11.3 Modeling Seasonal SWE

When we look at all months, we see that SWE is highly seasonal. Note October and November are missing for all years.

swe.yr <- snotel
swe.yr <- swe.yr[swe.yr$Station.Id %in% y$Station.Id, ]
swe.yr$Station <- droplevels(swe.yr$Station)

Set up the data matrix of monthly SNOTEL data:

dat.yr <- snotel
dat.yr <- dat.yr[dat.yr$Station.Id %in% y$Station.Id, ]
dat.yr$Station <- droplevels(dat.yr$Station)
dat.yr$Month <- factor(dat.yr$Month, level = month.abb)
dat.yr <- reshape2::acast(dat.yr, Station ~ Year + Month, value.var = "SWE")

We will model the seasonal differences using a periodic model. The covariates are

period <- 12
TT <- dim(dat.yr)[2]
cos.t <- cos(2 * pi * seq(TT)/period)
sin.t <- sin(2 * pi * seq(TT)/period)
c.seas <- rbind(cos.t, sin.t)

11.3.1 Modeling season across sites

We will create a state for the seasonal cycle and each station will have a scaled effect of that seasonal cycle. The observations will have the seasonal effect plus a mean and residuals (observation - season - mean) will be allowed to correlate across stations.

ns <- dim(dat.yr)[1]
B <- "zero"
Q <- matrix(1)
R <- "unconstrained"
U <- "zero"
x0 <- "zero"
Z <- matrix(paste0("z", 1:ns), ns, 1)
A <- "unequal"
mod.list.dfa = list(B = B, Z = Z, Q = Q, R = R, U = U, A = A, 
    x0 = x0)
C <- matrix(c("c1", "c2"), 1, 2)
c <- c.seas
mod.list.seas <- list(B = B, U = U, Q = Q, A = A, R = R, Z = Z, 
    C = C, c = c, x0 = x0, tinitx = 0)

Now we can fit the model:

m <- apply(dat.yr, 1, mean, na.rm = TRUE)
fit.seas <- MARSS(dat.yr, model = mod.list.seas, control = list(maxit = 500), 
    inits = list(A = matrix(m, ns, 1)))

The seasonal patterns

Figure @ref{fig:mssmiss-seas} shows the seasonal estimate plus prediction intervals for each station. This is \(z_i x_i + a_i\). The prediction interval shows our estimate of the range of the data we would see around the seasonal estimate.

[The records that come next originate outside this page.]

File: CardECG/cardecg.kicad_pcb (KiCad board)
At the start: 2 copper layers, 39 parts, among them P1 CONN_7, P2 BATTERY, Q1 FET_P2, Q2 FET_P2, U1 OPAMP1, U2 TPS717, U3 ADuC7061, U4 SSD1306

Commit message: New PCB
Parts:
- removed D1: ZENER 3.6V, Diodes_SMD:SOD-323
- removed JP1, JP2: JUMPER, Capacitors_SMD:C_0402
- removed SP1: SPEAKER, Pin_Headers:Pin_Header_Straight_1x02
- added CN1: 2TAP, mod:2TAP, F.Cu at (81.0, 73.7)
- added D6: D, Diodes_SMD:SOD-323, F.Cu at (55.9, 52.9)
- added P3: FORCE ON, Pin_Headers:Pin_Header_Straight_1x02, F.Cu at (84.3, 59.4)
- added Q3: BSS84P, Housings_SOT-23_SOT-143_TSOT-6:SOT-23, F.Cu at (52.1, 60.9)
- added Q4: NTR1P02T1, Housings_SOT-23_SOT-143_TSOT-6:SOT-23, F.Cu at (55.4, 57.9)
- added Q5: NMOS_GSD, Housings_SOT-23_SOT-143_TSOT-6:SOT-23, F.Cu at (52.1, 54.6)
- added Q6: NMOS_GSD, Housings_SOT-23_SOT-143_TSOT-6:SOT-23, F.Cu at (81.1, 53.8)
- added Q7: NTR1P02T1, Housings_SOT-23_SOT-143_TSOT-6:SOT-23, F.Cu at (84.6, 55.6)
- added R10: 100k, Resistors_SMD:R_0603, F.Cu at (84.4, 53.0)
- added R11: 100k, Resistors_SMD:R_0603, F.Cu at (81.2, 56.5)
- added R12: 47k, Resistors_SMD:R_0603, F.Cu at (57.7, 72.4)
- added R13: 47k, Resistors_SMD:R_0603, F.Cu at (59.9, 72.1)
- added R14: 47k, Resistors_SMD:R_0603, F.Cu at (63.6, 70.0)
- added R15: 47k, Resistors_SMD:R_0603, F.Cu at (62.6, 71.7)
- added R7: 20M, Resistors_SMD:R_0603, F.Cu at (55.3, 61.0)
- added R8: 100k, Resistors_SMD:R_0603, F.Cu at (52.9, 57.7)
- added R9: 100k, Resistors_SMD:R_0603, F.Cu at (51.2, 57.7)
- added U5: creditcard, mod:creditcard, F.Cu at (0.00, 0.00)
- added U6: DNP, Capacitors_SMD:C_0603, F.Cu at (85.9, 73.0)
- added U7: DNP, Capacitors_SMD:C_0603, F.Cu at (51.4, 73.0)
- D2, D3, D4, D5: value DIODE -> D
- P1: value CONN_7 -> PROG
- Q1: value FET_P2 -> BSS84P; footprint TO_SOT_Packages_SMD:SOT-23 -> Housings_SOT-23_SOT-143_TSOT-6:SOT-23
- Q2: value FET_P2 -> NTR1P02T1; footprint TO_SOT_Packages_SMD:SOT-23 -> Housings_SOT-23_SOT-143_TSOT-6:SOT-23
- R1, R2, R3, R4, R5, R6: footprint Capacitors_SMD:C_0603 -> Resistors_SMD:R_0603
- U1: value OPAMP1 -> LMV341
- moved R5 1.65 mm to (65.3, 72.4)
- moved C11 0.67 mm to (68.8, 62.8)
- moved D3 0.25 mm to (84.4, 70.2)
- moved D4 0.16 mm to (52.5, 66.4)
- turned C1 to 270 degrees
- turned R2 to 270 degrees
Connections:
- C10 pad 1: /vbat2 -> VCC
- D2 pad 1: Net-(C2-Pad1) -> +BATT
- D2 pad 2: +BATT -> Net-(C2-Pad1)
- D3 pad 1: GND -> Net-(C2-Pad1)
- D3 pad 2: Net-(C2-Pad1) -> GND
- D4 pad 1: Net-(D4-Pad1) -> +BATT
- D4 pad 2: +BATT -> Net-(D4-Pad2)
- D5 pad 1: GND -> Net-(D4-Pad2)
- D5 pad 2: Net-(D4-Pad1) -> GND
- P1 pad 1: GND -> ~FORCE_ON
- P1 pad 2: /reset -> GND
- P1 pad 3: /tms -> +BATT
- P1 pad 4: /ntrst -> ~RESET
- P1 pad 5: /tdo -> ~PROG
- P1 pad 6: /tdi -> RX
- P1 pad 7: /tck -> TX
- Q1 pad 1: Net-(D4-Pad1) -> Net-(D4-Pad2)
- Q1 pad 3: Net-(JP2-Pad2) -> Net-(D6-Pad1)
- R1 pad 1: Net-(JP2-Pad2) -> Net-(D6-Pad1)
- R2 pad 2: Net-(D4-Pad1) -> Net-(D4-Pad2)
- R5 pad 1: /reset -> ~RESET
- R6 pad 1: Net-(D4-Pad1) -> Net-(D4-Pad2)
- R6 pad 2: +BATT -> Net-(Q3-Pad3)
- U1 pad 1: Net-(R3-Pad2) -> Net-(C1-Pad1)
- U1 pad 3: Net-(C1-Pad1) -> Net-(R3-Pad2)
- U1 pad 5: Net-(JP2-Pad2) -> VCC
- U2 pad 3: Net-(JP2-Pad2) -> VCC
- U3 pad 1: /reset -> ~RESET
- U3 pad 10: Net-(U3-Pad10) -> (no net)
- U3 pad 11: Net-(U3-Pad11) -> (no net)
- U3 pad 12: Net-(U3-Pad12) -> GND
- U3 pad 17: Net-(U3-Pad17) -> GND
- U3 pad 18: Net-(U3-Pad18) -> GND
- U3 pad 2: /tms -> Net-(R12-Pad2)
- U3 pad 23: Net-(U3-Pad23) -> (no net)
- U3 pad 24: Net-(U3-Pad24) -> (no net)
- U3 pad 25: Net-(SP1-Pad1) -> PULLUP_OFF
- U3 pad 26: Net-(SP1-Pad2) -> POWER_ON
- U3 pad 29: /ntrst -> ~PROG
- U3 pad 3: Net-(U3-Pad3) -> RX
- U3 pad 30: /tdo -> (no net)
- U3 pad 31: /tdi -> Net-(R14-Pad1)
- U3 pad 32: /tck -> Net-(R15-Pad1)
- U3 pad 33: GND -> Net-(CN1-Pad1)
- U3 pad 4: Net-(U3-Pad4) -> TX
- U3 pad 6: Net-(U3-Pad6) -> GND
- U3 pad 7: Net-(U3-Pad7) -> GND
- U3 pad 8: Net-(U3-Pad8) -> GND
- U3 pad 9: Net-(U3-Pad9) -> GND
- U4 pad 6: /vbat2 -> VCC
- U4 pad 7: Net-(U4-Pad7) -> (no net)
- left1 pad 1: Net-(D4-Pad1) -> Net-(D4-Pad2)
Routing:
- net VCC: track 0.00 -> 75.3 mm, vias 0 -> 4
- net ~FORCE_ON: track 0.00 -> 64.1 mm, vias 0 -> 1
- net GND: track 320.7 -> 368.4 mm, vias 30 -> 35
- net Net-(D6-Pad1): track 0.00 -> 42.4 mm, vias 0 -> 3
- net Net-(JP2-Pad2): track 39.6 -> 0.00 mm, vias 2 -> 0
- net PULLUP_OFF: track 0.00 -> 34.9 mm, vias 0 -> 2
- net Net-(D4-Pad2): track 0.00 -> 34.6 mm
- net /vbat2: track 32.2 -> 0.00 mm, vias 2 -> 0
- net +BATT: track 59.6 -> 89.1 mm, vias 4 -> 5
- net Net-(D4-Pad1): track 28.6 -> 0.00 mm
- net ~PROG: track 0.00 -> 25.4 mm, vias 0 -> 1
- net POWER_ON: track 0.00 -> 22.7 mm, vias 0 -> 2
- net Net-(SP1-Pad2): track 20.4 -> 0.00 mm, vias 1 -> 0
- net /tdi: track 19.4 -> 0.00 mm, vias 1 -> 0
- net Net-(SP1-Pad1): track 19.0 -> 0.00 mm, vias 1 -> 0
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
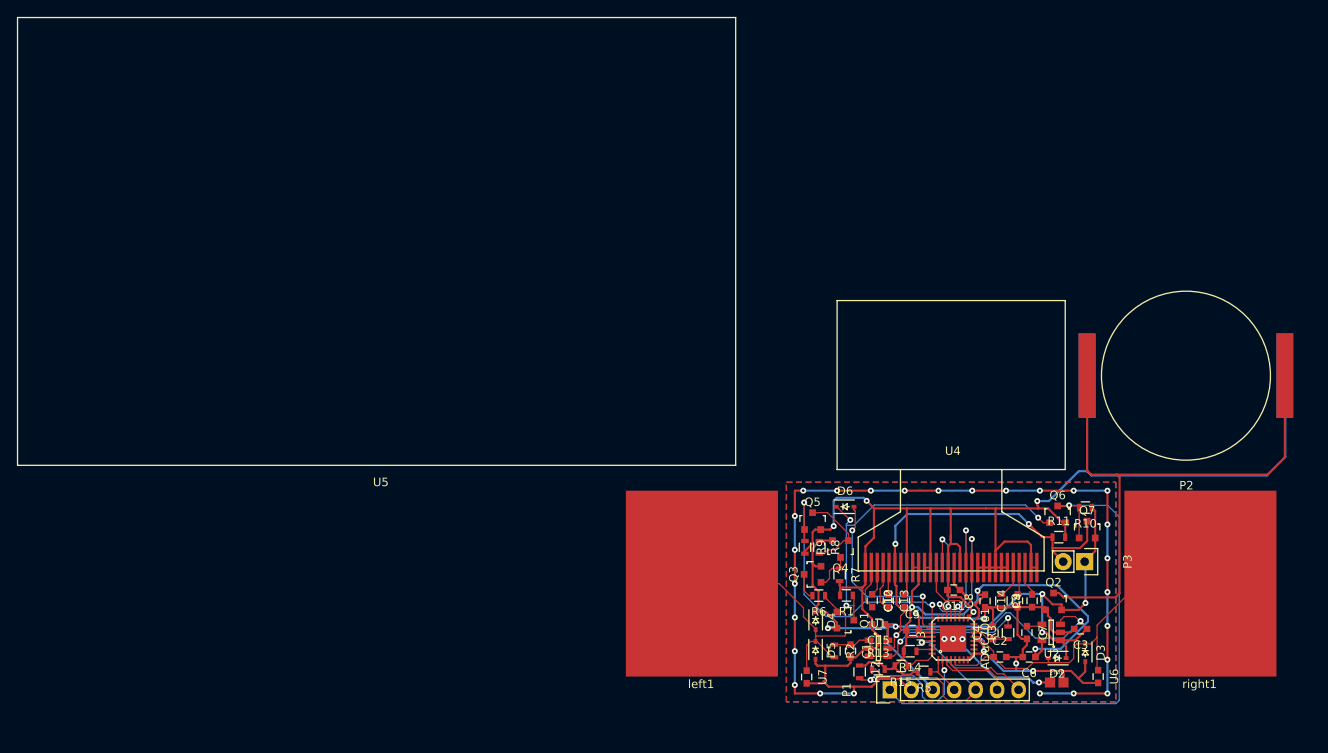
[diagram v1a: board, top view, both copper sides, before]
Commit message: Added filter cap for the first switch transistor
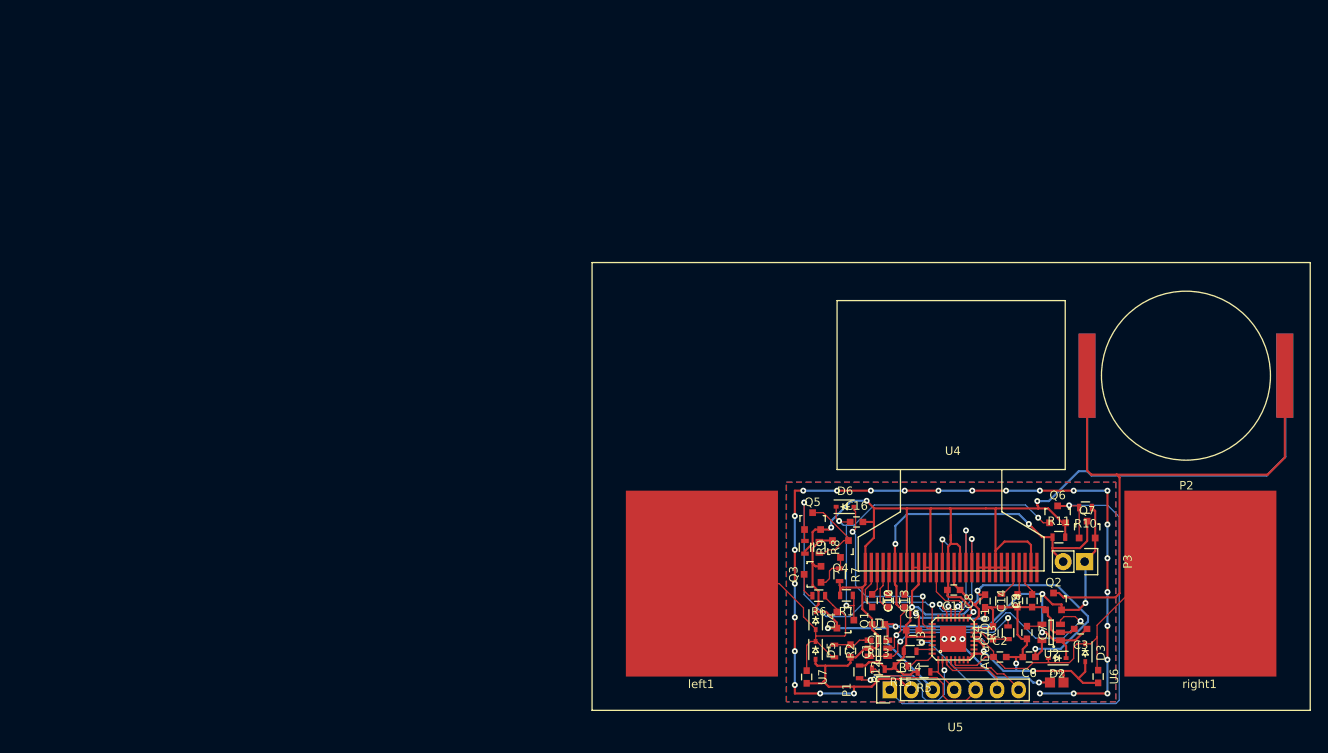
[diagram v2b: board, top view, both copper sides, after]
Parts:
- added C16: 100nF, Capacitors_SMD:C_0603, F.Cu at (57.3, 54.7)
- moved U5 73.9 mm to (68.0, 29.0)
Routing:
- net Net-(C16-Pad1): track 42.4 -> 43.8 mm
- net GND: track 368.4 -> 367.8 mm

Estimates for the missing years

The estimated mean SWE at each station is \(E(y_{t,i}|y_{1:T})\). This is the estimate of \(y_{t,i}\) conditioned on all the data and includes the seasonal component plus the information from the data from other stations. If \(y_{t,i}\) is observed, \(E(y_{t,i}|y_{1:T}) = y_{t,i}\), i.e. just the observed value. But if \(y_{t,i}\) is unobserved, the stations with data at time \(t\) help inform \(y_{t,i}\), the value of the station without data at time \(t\). Note this is not the case when we computed the fitted value for \(y_{t,i}\). In that case, the data inform \(\mathbf{R}\) but we do not treat the observed data at \(t=i\) as ‘observed’ and influencing the missing the missing \(y_{t,i}\) through \(\mathbf{R}\).

Only years up to 1990 are shown, but the model is fit to all years. The stations with no data before 1990 are being estimated based on the information in the later years when they do have data. We did not constrain the SWE to be positive, so negative estimates are possible and occurs in the months in which we have no SWE data (because there is no snow).